Beginning at the line that holds "Relational Operator1/1 ->", restate each line exactly through the final line of the records. Include both of those lines.

══ Data to process ══

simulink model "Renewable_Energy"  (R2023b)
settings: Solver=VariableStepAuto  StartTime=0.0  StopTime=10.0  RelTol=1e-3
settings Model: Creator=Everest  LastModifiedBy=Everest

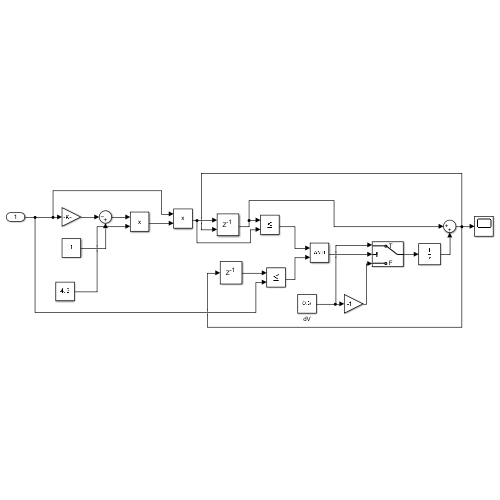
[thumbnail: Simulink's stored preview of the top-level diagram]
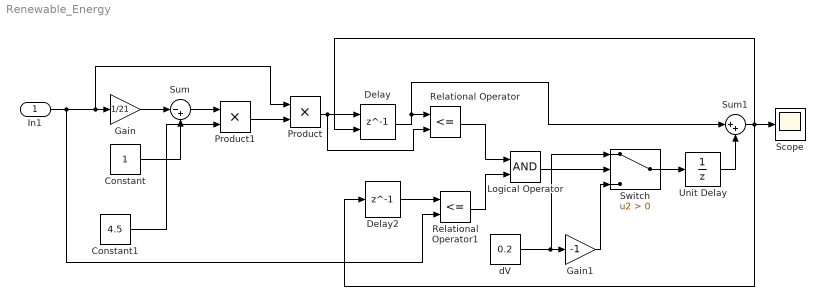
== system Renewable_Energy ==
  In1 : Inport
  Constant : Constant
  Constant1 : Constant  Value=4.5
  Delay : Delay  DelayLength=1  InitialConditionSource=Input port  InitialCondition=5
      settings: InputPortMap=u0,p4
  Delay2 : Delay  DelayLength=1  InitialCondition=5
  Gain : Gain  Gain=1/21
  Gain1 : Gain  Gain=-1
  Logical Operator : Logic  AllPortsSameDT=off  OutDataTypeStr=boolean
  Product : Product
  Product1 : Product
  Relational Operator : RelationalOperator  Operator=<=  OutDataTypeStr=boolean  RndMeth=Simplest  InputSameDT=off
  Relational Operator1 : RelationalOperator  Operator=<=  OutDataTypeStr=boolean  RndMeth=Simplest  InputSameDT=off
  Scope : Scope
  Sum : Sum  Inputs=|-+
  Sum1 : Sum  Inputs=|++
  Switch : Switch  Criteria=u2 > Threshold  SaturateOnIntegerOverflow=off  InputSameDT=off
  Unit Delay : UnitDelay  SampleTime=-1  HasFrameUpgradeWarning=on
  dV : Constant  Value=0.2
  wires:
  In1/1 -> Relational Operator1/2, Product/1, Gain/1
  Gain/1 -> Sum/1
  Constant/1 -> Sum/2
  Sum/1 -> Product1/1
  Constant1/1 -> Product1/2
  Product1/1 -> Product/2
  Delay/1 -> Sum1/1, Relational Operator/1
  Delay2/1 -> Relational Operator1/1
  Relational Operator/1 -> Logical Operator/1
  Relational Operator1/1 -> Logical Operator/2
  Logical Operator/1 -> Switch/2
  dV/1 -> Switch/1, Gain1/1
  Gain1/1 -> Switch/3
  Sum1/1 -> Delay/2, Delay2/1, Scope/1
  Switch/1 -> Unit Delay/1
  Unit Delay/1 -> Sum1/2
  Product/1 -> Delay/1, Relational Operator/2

═══

:: Problem solution ::
  Relational Operator1/1 -> Logical Operator/2
  Logical Operator/1 -> Switch/2
  dV/1 -> Switch/1, Gain1/1
  Gain1/1 -> Switch/3
  Sum1/1 -> Delay/2, Delay2/1, Scope/1
  Switch/1 -> Unit Delay/1
  Unit Delay/1 -> Sum1/2
  Product/1 -> Delay/1, Relational Operator/2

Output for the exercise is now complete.